# Orcs Tactics - Special and Rare Choices



## Ratvan (Jun 20, 2011)

Ah every Fantasy players favourite parts of the list, you have chosen a General, Loaded up on magic, scraped through the bare minimum allowance of the Core section and now we get onto the really wacky and occasionally good stuff and how they fit into your Orc Tactics.

Orc Tactics - Special Choices

I'll start with the unit that everyone thinks of when they see an Orc and Goblin army.

Black Orcs
Black Orcs are cool. They are great looking models, and have some very cool rules. 4+ armor save with shields, can use Additional Hand Weapon , Hand Weapon and Shield, or Great Weapons. (Armed to Da Teef right?) Very cool. They also get immune to psychology. Very cool. Now unfortunately to the downside: everything that kills normal Orcs still kills them, despite the armor. And they cost 50% more than a Savage Orc, but the Savage Orc is just as killy. It really isn't that they are too expensive for what they do, it's just that Savage Orc Big Uns do the same job way better for way cheaper, and come out of your core, not the much prized Specials slot.

Boar Boys 
If for some reason you don't give Big Uns to your Savage Orcs(Mounted Army list perhaps, Da Waagh of da Steepes), here is the unit to give it to.
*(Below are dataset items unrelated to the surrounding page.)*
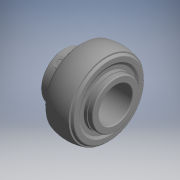
# Autodesk Inventor part: YAR 204-2LPW/SS-28.02014 -bearing
Saved by Autodesk Inventor 2017.3 (Build 213256000, 256)
## iProperties
Part Number: YAR 204-2LPW/SS-28.02014 -bearing
Material: Generic
Catalog Web Link: www.cadenas.de
Description: ayf_001hc_hh_hy_bearing-Y-bearings
Vendor: SKF
Document SubType Name: Modeling
Designer: partserver
Manufacturer: SKF
Mass: 16.4713 g
Surface Area: 186.321 cm^2
Volume: 16.4713 cm^3
Density: 1 g/cm^3
Appearance: PSOLRGB-175-175-175
Category: PARTsolutions
Company: SKF
Title: YAR 204-2LPW/SS-28.02014 -bearing
Author: Cadenas PARTsolutions
Comments: Y-bearings
PSOL_IDENT_0: {$CADENAS_DATA\23d-libs\skf\bearings_units_and_housings\bearing_units\ball_bearing_units\y-units\y-b
PSOL_IDENT_1: earing_square_flanged_units_parts\ayf_001hc_hh_hy_bearing.prj},225 {VTYP=3D},{NB=YAR 204-2LPW/SS-28.
PSOL_IDENT_2: 02014 -bearing},{LINA=YAR 204-2LPW/SS-28.02014 -bearing},{NN=ayf_001hc_hh_hy_bearing},{DATE=20.08.20
PSOL_IDENT_3: 20 13:45:20},{GEOMDATE=29.07.2020 17:09:33},{VERSION=},{LINEID=3320},{WBVAR=},{WBNUMERIC=}  {NB=YAR
PSOL_IDENT_4: 204-2LPW/SS-28.02014 -bearing},{LINA=YAR 204-2LPW/SS-28.02014 -bearing},{KT=DUMMY},{PRODUCTID=0},{DE
PSOL_IDENT_5: SIGNATION=YAR 204-2LPW/SS},{DD=20.0000},{D=47},{B=31.000},{C=14.000},{PITCH=33.500},{DW=7.938},{FO=I
PSOL_IDENT_6: EC_BBY_006},{DESIGN=ybrg1},{B1=MIN},{LM=Grub screw},{DES=Inner ring extended on both sides},{PS=},{M
PSOL_IDENT_7: AT=Stainless steel},{SS=},{UNIT=Inch},{G=MIN},{DD1=28.02},{DD2=MIN},{DD3=MIN},{B3=8.128},{B4=MIN},{B
PSOL_IDENT_8: B4=4.5},{R12=0.6},{R12X=0},{SS1=18.288},{NOTE=},{DG=MIN},{E=MIN},{F=MIN},{RG=MIN},{LOAD1=MIN},{LOAD2=
PSOL_IDENT_9: MIN},{LOAD3=MIN},{SPEED2=},{FF0=MIN},{BF=},{A15=},{A8=},{A4=},{BETA=},{SBT1=},{SBT2=},{RF1=},{RF2=},
PSOL_IDENT_10: {SF1=},{SF2=},{KZ=},{II=1},{Z=8},{SG=},{MASS=MIN},{G2=},{HEX=3.000},{RTT=},{MKIT=},{AS=},{TANGLE=},{
PSOL_IDENT_11: SLEEVE=},{SRING=},{FPC=},{POPI=},{NOUN=},{NOUNDES=},{MOD=},{MODDES=},{YZ=14.01},{PIM=YAR 204-2LPW-SS
PSOL_IDENT_12: },{LNDD11=MIN},{LUB3=1},{BZ=0.404133},{SDALG=h},{YRZ=20.719},{SHAPE=4},{LNB1HM11=0},{LWM=0},{TYPEID=
PSOL_IDENT_13: 0},{LUBGR2=0},{LOCKNUT=},{LOCKDEVICE=},{LNB=MIN},{BB=MIN},{LNB1=MIN},{S1ALG=18.288},{HH=MIN},{LDB=MI
PSOL_IDENT_14: N},{LDDD1=MIN},{LDDD2=MIN},{LDM=MIN},{LDFF=MIN},{TP=4},{LNBHM11=0},{BBHM11=0},{LNDD1HM11=0},{HELP=5}
PSOL_IDENT_15: ,{HHHM11=0},{LUBGR1=0},{LWV=0},{S2=23.4},{LUB2=0},{BZ1=0.000},{HEX2=}
NB: YAR 204-2LPW/SS-28.02014 -bearing
NN: ayf_001hc_hh_hy_bearing
NT: Y-bearings
NBSYN: $DESIGNATION.-$DD1.$PRODUCTID.$C.$B1.-bearing
LINA: YAR 204-2LPW/SS-28.02014 -bearing
CATALOG: SKF
DESIGNATION: YAR 204-2LPW/SS
DD: 20
D: 47
B: 31
C: 14
B1: 0
MAT: Stainless steel
DD1: 28.02
LOAD1: 0
LOAD2: 0
LOAD3: 0
SUPPLIER: SKF
ARTICLENO: YAR 204-2LPW/SS-28.02014 -bearing
BOMINFO: YAR 204-2LPW/SS-28.02014 -bearing
CREATOR: CADENAS GmbH
Autodesk Inventor part; units mm, degrees
ref_plane "YZ Plane" through (0, 0, 0) normal (1, 0, 0) x (0, 1, 0)
ref_plane "XZ Plane" through (0, 0, 0) normal (0, 1, 0) x (-1, 0, 0)
ref_plane "XY Plane" through (0, 0, 0) normal (0, 0, 1) x (1, 0, 0)
sketch "Sketch_1" plane through (0, 0, 0) normal (0, 0, 1) x (1, 0, 0)
  line L0 (50, 0) -> (-50, 0)
  arc A0 (-12.712, 10.6) -> (-12.112, 10) centre (-12.112, 10.6) ccw
  line L1 (-12.112, 10) -> (17.688, 10)
  arc A1 (17.688, 10) -> (18.288, 10.6) centre (17.688, 10.6) ccw
  line L2 (18.288, 10.6) -> (18.288, 13.41)
  arc A2 (18.288, 13.41) -> (17.688, 14.01) centre (17.688, 13.41) ccw
  line L3 (17.688, 14.01) -> (2.8715, 14.01)
  arc A3 (-2.8715, 14.01) -> (2.8715, 14.01) centre (0, 16.75) ccw
  line L4 (-2.8715, 14.01) -> (-12.112, 14.01)
  arc A4 (-12.112, 14.01) -> (-12.712, 13.41) centre (-12.112, 13.41) ccw
  line L5 (-12.712, 13.41) -> (-12.712, 10.6)
  constraints: 12 end point, 10 point on circle, 5 centre point
revolve "Revolution1" add sketch "Sketch_1" angle 360 about axis through (50, 0, 0) along (1, 0, 0)
sketch "Sketch_2" plane through (0, 10, 0) normal (0, 1, 0) x (1, 0, 0)
  circle A0 centre (13.788, 0) radius 3
  line L0 (12.288, -0.866) -> (13.788, -1.7321)
  line L1 (13.788, -1.7321) -> (15.288, -0.866)
  line L2 (15.288, -0.866) -> (15.288, 0.866)
  line L3 (15.288, 0.866) -> (13.788, 1.7321)
  line L4 (13.788, 1.7321) -> (12.288, 0.866)
  line L5 (12.288, 0.866) -> (12.288, -0.866)
  constraints: 12 end point, 1 centre point
extrude "Extrusion1" add sketch "Sketch_2" along normal blind 4.411
sketch "Sketch_3" plane through (0, -5, -8.6603) normal (0, -0.5, -0.8660254) x (1, 0, 0)
  circle A0 centre (13.788, 0) radius 3
  line L0 (12.288, -0.866) -> (13.788, -1.7321)
  line L1 (13.788, -1.7321) -> (15.288, -0.866)
  line L2 (15.288, -0.866) -> (15.288, 0.866)
  line L3 (15.288, 0.866) -> (13.788, 1.7321)
  line L4 (13.788, 1.7321) -> (12.288, 0.866)
  line L5 (12.288, 0.866) -> (12.288, -0.866)
  constraints: 12 end point, 1 centre point
extrude "Extrusion2" add sketch "Sketch_3" along normal blind 4.411
sketch "Sketch_16" plane through (0, 0, 0) normal (0, 0, 1) x (1, 0, 0)
  line L0 (7, 0) -> (-7, 0)
  line L1 (-7, 20.5419) -> (-5.0617, 20.5419)
  line L2 (-5.0617, 20.5419) -> (-4.9132, 20.6612)
  arc A0 (-4.5639, 20.5321) -> (-4.9132, 20.6612) centre (-4.7773, 20.4919) ccw
  line L3 (-4.5639, 20.5321) -> (-4.4804, 20.0882)
  arc A1 (-4.4804, 20.0882) -> (-4.2839, 19.9252) centre (-4.2839, 20.1252) ccw
  line L4 (-4.2839, 19.9252) -> (-2.4646, 19.9252)
  arc A2 (-2.4646, 19.9252) -> (-2.3164, 19.9729) centre (-2.4646, 20.1792) ccw
  arc A3 (2.3164, 19.9729) -> (-2.3164, 19.9729) centre (0, 16.75) ccw
  arc A4 (2.3164, 19.9729) -> (2.4646, 19.9252) centre (2.4646, 20.1792) ccw
  line L5 (2.4646, 19.9252) -> (4.2839, 19.9252)
  arc A5 (4.2839, 19.9252) -> (4.4804, 20.0882) centre (4.2839, 20.1252) ccw
  line L6 (4.4804, 20.0882) -> (4.5639, 20.5321)
  arc A6 (4.9132, 20.6612) -> (4.5639, 20.5321) centre (4.7773, 20.4919) ccw
  line L7 (4.9132, 20.6612) -> (5.0617, 20.5419)
  line L8 (5.0617, 20.5419) -> (7, 20.5419)
  line L9 (7, 20.5419) -> (7, 22.2856)
  arc A7 (7, 22.2856) -> (6.8584, 22.4769) centre (6.8, 22.2856) ccw
  arc A8 (6.8584, 22.4769) -> (-6.8584, 22.4769) centre (0, 0) ccw
  arc A9 (-6.8584, 22.4769) -> (-7, 22.2856) centre (-6.8, 22.2856) ccw
  line L10 (-7, 22.2856) -> (-7, 20.5419)
  constraints: 22 end point, 20 point on circle, 10 centre point
sketch "Sketch_30" plane through (0, 0, 0) normal (0, 0, 1) x (1, 0, 0)
  line L0 (7, 0) -> (-7, 0)
  line L1 (-7.8083, 20.2419) -> (-7, 19.7753)
  line L2 (-7, 19.7753) -> (-7, 18.7345)
  line L3 (-7, 18.7345) -> (-7.6062, 19.0845)
  line L4 (-7.6062, 19.0845) -> (-7.8083, 18.7345)
  line L5 (-7.8083, 18.7345) -> (-6.7874, 18.1451)
  line L6 (-6.7874, 18.1451) -> (-6.4967, 17.3394)
  line L7 (-6.4967, 17.3394) -> (-7.2562, 17.7779)
  line L8 (-7.2562, 17.7779) -> (-7.4583, 17.4279)
  line L9 (-7.4583, 17.4279) -> (-6.2841, 16.75)
  line L10 (-6.2841, 16.75) -> (-6.2841, 14.4141)
  line L11 (-6.2841, 14.4141) -> (-7.0924, 14.4141)
  line L12 (-7.0924, 14.4141) -> (-7.0924, 14.01)
  line L13 (-7.0924, 14.01) -> (-5.88, 14.01)
  line L14 (-5.88, 14.01) -> (-5.88, 16.75)
  line L15 (-5.88, 16.75) -> (-6.5959, 18.7345)
  line L16 (-6.5959, 18.7345) -> (-6.5959, 19.9878)
  arc A0 (-6.4459, 20.1378) -> (-6.5959, 19.9878) centre (-6.4459, 19.9878) ccw
  line L17 (-6.4459, 20.1378) -> (-4.5902, 20.1378)
  line L18 (-4.5902, 20.1378) -> (-4.5902, 20.5419)
  line L19 (-4.5902, 20.5419) -> (-6.7, 20.5419)
  arc A1 (-6.7, 20.5419) -> (-7, 20.2419) centre (-6.7, 20.2419) ccw
  line L20 (-7, 20.2419) -> (-7.6062, 20.5919)
  line L21 (-7.6062, 20.5919) -> (-7.8083, 20.2419)
  constraints: 44 end point, 4 point on circle, 2 centre point
revolve "Revolution2" add sketch "Sketch_30" angle 360 about axis through (7, 0, 0) along (1, 0, 0)
sketch "Sketch_31" plane through (0, 0, 0) normal (0, 0, 1) x (1, 0, 0)
  line L0 (7, 0) -> (-7, 0)
  line L1 (4.5902, 20.1378) -> (6.4459, 20.1378)
  arc A0 (6.5959, 19.9878) -> (6.4459, 20.1378) centre (6.4459, 19.9878) ccw
  line L2 (6.5959, 19.9878) -> (6.5959, 18.7345)
  line L3 (6.5959, 18.7345) -> (5.88, 16.75)
  line L4 (5.88, 16.75) -> (5.88, 14.01)
  line L5 (5.88, 14.01) -> (7.0924, 14.01)
  line L6 (7.0924, 14.01) -> (7.0924, 14.4141)
  line L7 (7.0924, 14.4141) -> (6.2841, 14.4141)
  line L8 (6.2841, 14.4141) -> (6.2841, 16.75)
  line L9 (6.2841, 16.75) -> (7.4583, 17.4279)
  line L10 (7.4583, 17.4279) -> (7.2562, 17.7779)
  line L11 (7.2562, 17.7779) -> (6.4967, 17.3394)
  line L12 (6.4967, 17.3394) -> (6.7874, 18.1451)
  line L13 (6.7874, 18.1451) -> (7.8083, 18.7345)
  line L14 (7.8083, 18.7345) -> (7.6062, 19.0845)
  line L15 (7.6062, 19.0845) -> (7, 18.7345)
  line L16 (7, 18.7345) -> (7, 19.7753)
  line L17 (7, 19.7753) -> (7.8083, 20.2419)
  line L18 (7.8083, 20.2419) -> (7.6062, 20.5919)
  line L19 (7.6062, 20.5919) -> (7, 20.2419)
  arc A1 (7, 20.2419) -> (6.7, 20.5419) centre (6.7, 20.2419) ccw
  line L20 (6.7, 20.5419) -> (4.5902, 20.5419)
  line L21 (4.5902, 20.5419) -> (4.5902, 20.1378)
  constraints: 44 end point, 4 point on circle, 2 centre point
revolve "Revolution3" add sketch "Sketch_31" angle 360 about axis through (7, 0, 0) along (1, 0, 0)
revolve "Revolution4" add sketch "Sketch_16" angle 360 about axis through (7, 0, 0) along (1, 0, 0)
sketch "Sketch_32" plane through (0, 0, 0) normal (0, 0, 1) x (1, 0, 0)
  line L0 (7, 0) -> (-7, 0)
  line L1 (7.2, 21.6785) -> (7.2, 21.4894)
  arc A0 (7.2, 21.4894) -> (7.2536, 21.3745) centre (7.35, 21.4894) ccw
  line L2 (7.2536, 21.3745) -> (7.9865, 20.7595)
  arc A1 (8.2008, 20.2998) -> (7.9865, 20.7595) centre (7.6008, 20.2998) ccw
  line L3 (8.2008, 20.2998) -> (8.2008, 19.473)
  line L4 (8.2008, 19.473) -> (7.7029, 19.7604)
  line L5 (7.7029, 19.7604) -> (7.5008, 19.4104)
  line L6 (7.5008, 19.4104) -> (8.2008, 19.0063)
  line L7 (8.2008, 19.0063) -> (8.2008, 18.073)
  line L8 (8.2008, 18.073) -> (7.5708, 18.4367)
  line L9 (7.5708, 18.4367) -> (7.3688, 18.0867)
  line L10 (7.3688, 18.0867) -> (8.0084, 17.7174)
  line L11 (8.0084, 17.7174) -> (7.485, 16.75)
  line L12 (7.485, 16.75) -> (7.485, 14.31)
  arc A2 (7.485, 14.31) -> (7.785, 14.01) centre (7.785, 14.31) ccw
  line L13 (7.785, 14.01) -> (9.8174, 14.01)
  line L14 (9.8174, 14.01) -> (9.8174, 14.4141)
  line L15 (9.8174, 14.4141) -> (8.0391, 14.4141)
  arc A3 (7.8891, 14.5641) -> (8.0391, 14.4141) centre (8.0391, 14.5641) ccw
  line L16 (7.8891, 14.5641) -> (7.8891, 16.75)
  line L17 (7.8891, 16.75) -> (8.605, 18.073)
  line L18 (8.605, 18.073) -> (8.605, 20.6248)
  arc A4 (8.605, 20.6248) -> (8.305, 21.1445) centre (8.005, 20.6248) ccw
  line L19 (8.305, 21.1445) -> (7.29, 21.7304)
  arc A5 (7.29, 21.7304) -> (7.2, 21.6785) centre (7.26, 21.6785) ccw
  constraints: 40 end point, 12 point on circle, 6 centre point
revolve "Revolution5" add sketch "Sketch_32" angle 360 about axis through (7, 0, 0) along (1, 0, 0)
sketch "Sketch_34" plane through (0, 0, 0) normal (0, 0, 1) x (1, 0, 0)
  line L0 (7, 0) -> (-7, 0)
  line L1 (-9.8174, 14.4141) -> (-9.8174, 14.01)
  line L2 (-9.8174, 14.01) -> (-7.785, 14.01)
  arc A0 (-7.785, 14.01) -> (-7.485, 14.31) centre (-7.785, 14.31) ccw
  line L3 (-7.485, 14.31) -> (-7.485, 16.75)
  line L4 (-7.485, 16.75) -> (-8.0084, 17.7174)
  line L5 (-8.0084, 17.7174) -> (-7.3688, 18.0867)
  line L6 (-7.3688, 18.0867) -> (-7.5708, 18.4367)
  line L7 (-7.5708, 18.4367) -> (-8.2008, 18.073)
  line L8 (-8.2008, 18.073) -> (-8.2008, 19.0063)
  line L9 (-8.2008, 19.0063) -> (-7.5008, 19.4104)
  line L10 (-7.5008, 19.4104) -> (-7.7029, 19.7604)
  line L11 (-7.7029, 19.7604) -> (-8.2008, 19.473)
  line L12 (-8.2008, 19.473) -> (-8.2008, 20.2998)
  arc A1 (-7.9865, 20.7595) -> (-8.2008, 20.2998) centre (-7.6008, 20.2998) ccw
  line L13 (-7.9865, 20.7595) -> (-7.2536, 21.3745)
  arc A2 (-7.2536, 21.3745) -> (-7.2, 21.4894) centre (-7.35, 21.4894) ccw
  line L14 (-7.2, 21.4894) -> (-7.2, 21.6785)
  arc A3 (-7.2, 21.6785) -> (-7.29, 21.7304) centre (-7.26, 21.6785) ccw
  line L15 (-7.29, 21.7304) -> (-8.305, 21.1445)
  arc A4 (-8.305, 21.1445) -> (-8.605, 20.6248) centre (-8.005, 20.6248) ccw
  line L16 (-8.605, 20.6248) -> (-8.605, 18.073)
  line L17 (-8.605, 18.073) -> (-7.8891, 16.75)
  line L18 (-7.8891, 16.75) -> (-7.8891, 14.5641)
  arc A5 (-8.0391, 14.4141) -> (-7.8891, 14.5641) centre (-8.0391, 14.5641) ccw
  line L19 (-8.0391, 14.4141) -> (-9.8174, 14.4141)
  constraints: 40 end point, 12 point on circle, 6 centre point
revolve "Revolution6" add sketch "Sketch_34" angle 360 about axis through (7, 0, 0) along (1, 0, 0)
ref_plane "ball_1_XY" through (0, 16.75, 0) normal (1, 0, 0) x (0, 0, -1)
ref_plane "ball_1_YZ" through (0, 16.75, 0) normal (0, 0, -1) x (0, 1, 0)
ref_plane "ball_1_ZX" through (0, 16.75, 0) normal (0, 1, 0) x (1, 0, 0)
ref_plane "ball_2_XY" through (0, 11.844, 11.844) normal (1, 0, 0) x (0, 0, -1)
ref_plane "ball_2_YZ" through (0, 11.844, 11.844) normal (0, 0, -1) x (0, 1, 0)
ref_plane "ball_2_ZX" through (0, 11.844, 11.844) normal (0, 1, 0) x (1, 0, 0)
ref_plane "ball_3_XY" through (0, 0, 16.75) normal (1, 0, 0) x (0, 0, -1)
ref_plane "ball_3_YZ" through (0, 0, 16.75) normal (0, 0, -1) x (0, 1, 0)
ref_plane "ball_3_ZX" through (0, 0, 16.75) normal (0, 1, 0) x (1, 0, 0)
ref_plane "ball_4_XY" through (0, -11.844, 11.844) normal (1, 0, 0) x (0, 0, -1)
ref_plane "ball_4_YZ" through (0, -11.844, 11.844) normal (0, 0, -1) x (0, 1, 0)
ref_plane "ball_4_ZX" through (0, -11.844, 11.844) normal (0, 1, 0) x (1, 0, 0)
ref_plane "ball_5_XY" through (0, -16.75, 0) normal (1, 0, 0) x (0, 0, -1)
ref_plane "ball_5_YZ" through (0, -16.75, 0) normal (0, 0, -1) x (0, 1, 0)
ref_plane "ball_5_ZX" through (0, -16.75, 0) normal (0, 1, 0) x (1, 0, 0)
ref_plane "ball_6_XY" through (0, -11.844, -11.844) normal (1, 0, 0) x (0, 0, -1)
ref_plane "ball_6_YZ" through (0, -11.844, -11.844) normal (0, 0, -1) x (0, 1, 0)
ref_plane "ball_6_ZX" through (0, -11.844, -11.844) normal (0, 1, 0) x (1, 0, 0)
ref_plane "ball_7_XY" through (0, 0, -16.75) normal (1, 0, 0) x (0, 0, -1)
ref_plane "ball_7_YZ" through (0, 0, -16.75) normal (0, 0, -1) x (0, 1, 0)
ref_plane "ball_7_ZX" through (0, 0, -16.75) normal (0, 1, 0) x (1, 0, 0)
ref_plane "ball_8_XY" through (0, 11.844, -11.844) normal (1, 0, 0) x (0, 0, -1)
ref_plane "ball_8_YZ" through (0, 11.844, -11.844) normal (0, 0, -1) x (0, 1, 0)
ref_plane "ball_8_ZX" through (0, 11.844, -11.844) normal (0, 1, 0) x (1, 0, 0)
ref_plane "brg_XY" through (0, 0, 0) normal (1, 0, 0) x (0, 0, -1)
ref_plane "brg_YZ" through (0, 0, 0) normal (0, 0, -1) x (0, 1, 0)
ref_plane "brg_ZX" through (0, 0, 0) normal (0, 1, 0) x (1, 0, 0)
ref_plane "brg3_XY" through (18.288, 0, 0) normal (1, 0, 0) x (0, 0, -1)
ref_plane "brg3_YZ" through (18.288, 0, 0) normal (0, 0, -1) x (0, 1, 0)
ref_plane "brg3_ZX" through (18.288, 0, 0) normal (0, 1, 0) x (1, 0, 0)
body "Solid1"

This unit is insanely powerful on the charge, and thanks to Movement 7 they will get it. Give them shields, spears and make them Big Uns. In a unit of 10. With standard and musician, they clock in at a respectable 260 points and can take a magical standard of up to 50 points. If you run this unit put your Orc Warboss on a War Boar. 10 Str 6 attacks on the charge, 10 more str 5 from the pigs, 3+ armor save so they are survivable (for Orcs). Maybe consider giving them the Razor Standard and they will fillet nearly any unit in the game. This is the elite hammer Black Orcs can never be and just imagine this unit hitting a flank. What could top these?


Savage Boar Boys: 
Yep these. Try 15 strength 6 attacks on the charge backed up by 10 strength 5. Only a 4+ armor save, but they get a 6+ ward. And they are immune to psychology. Yes, these are expensive and not for every list. But they are strong stuff.


Boar Chariot
Another greats choice. For 90 points you get... D6+1 Str 5 impact hits. 3 Strength 5 crew attacks. And 2 Strength 5 boar attacks. They only have a 4+ save but you can take enough of them to saturate the field, especially when you put cheap hero level dudes on them (with additional hand weapons remember.)


Goblin Wolf Chariot
The Boar Chariots little cousin, these are dirt cheap, insanely powerful for the cost. The amount of them you can bring in a list is staggering, as is the amount of impact hits they can deliver. For a mere 150 points they deliver 3d6+3 Strength 5 impact hits. That alone is often enough to crush nearly anything. And that's before the goblins and wolves swing, which if we really consider it isn't that great, consider this as a bonus after the chariots have struck and you're on the right track. They aren't survivable, but you can take so many of them it's ridiculous.


Goblin Spear Chukka
Holy crap. You can take up to 6 of them per army for 35 points each!!! That's the easiest 210 points to spend ever. I'd probably stick to 5 at the very most and clock in at 175. These is where laying down the firepower starts. They also good vanilla warmachines that can whittle down Knights, Heavy Infantry, Pesky Eagles ect ect.


Squig Hopper
This is where most people would say "And here is the crap after a few good units!" They are skirmishers who are Immune To Psychologu meaning your opponent HAS to kill them to the last squig and he will likely have to do it in close combat. As much as I like these units on the table top in my own army I would have to pass on these if I ever went to a Tournament ('Ardboyz Equivalent)


Squiq Herds: 
Just say no to Squigs for full competative games, however I love them. I have a squig model in each of my units (or will do eventually) and each of my warmachines has been converted to fire them! A full Herd in Horde Formation costs a lot but makes a very very good hammer unit for your Night Goblin Tarpits. In combat your Squigs will likely munch anything, and what could be more amusing then imagining a stuntie getting a squig to the face!


Snotlings
These are supposed to be a tarpit unit, but they really aren't capable of it due to Swarms being unstable in 8th edition. One use I have found is to buy 6 bases and conga then in a thin line infront of your Night Goblin units (4-5") so you can bounce Fanatics through them and gives units behind them Hard Cover from shooting (again Neglecting the use of the Bad Moon Banner)


Trolls 
The models are so cool. But the rules let them down. Leadership of 4 and Stupidity...... If you don't have an Inspiring Presence bubble to baby sit them they just sit there waiting to be put out of their misery by every flaming unit ever. When I use these (which is rarely and only to get me to 2.5-3k) then I have two options, take lots of units of one (so 6) or one unit of 6-8. Individually place them between your units to stop the bad animostity rolls, in a group place them near your leadership bubble and wait for the flank charge into whatever my Night Goblin Netters are currently entangling. 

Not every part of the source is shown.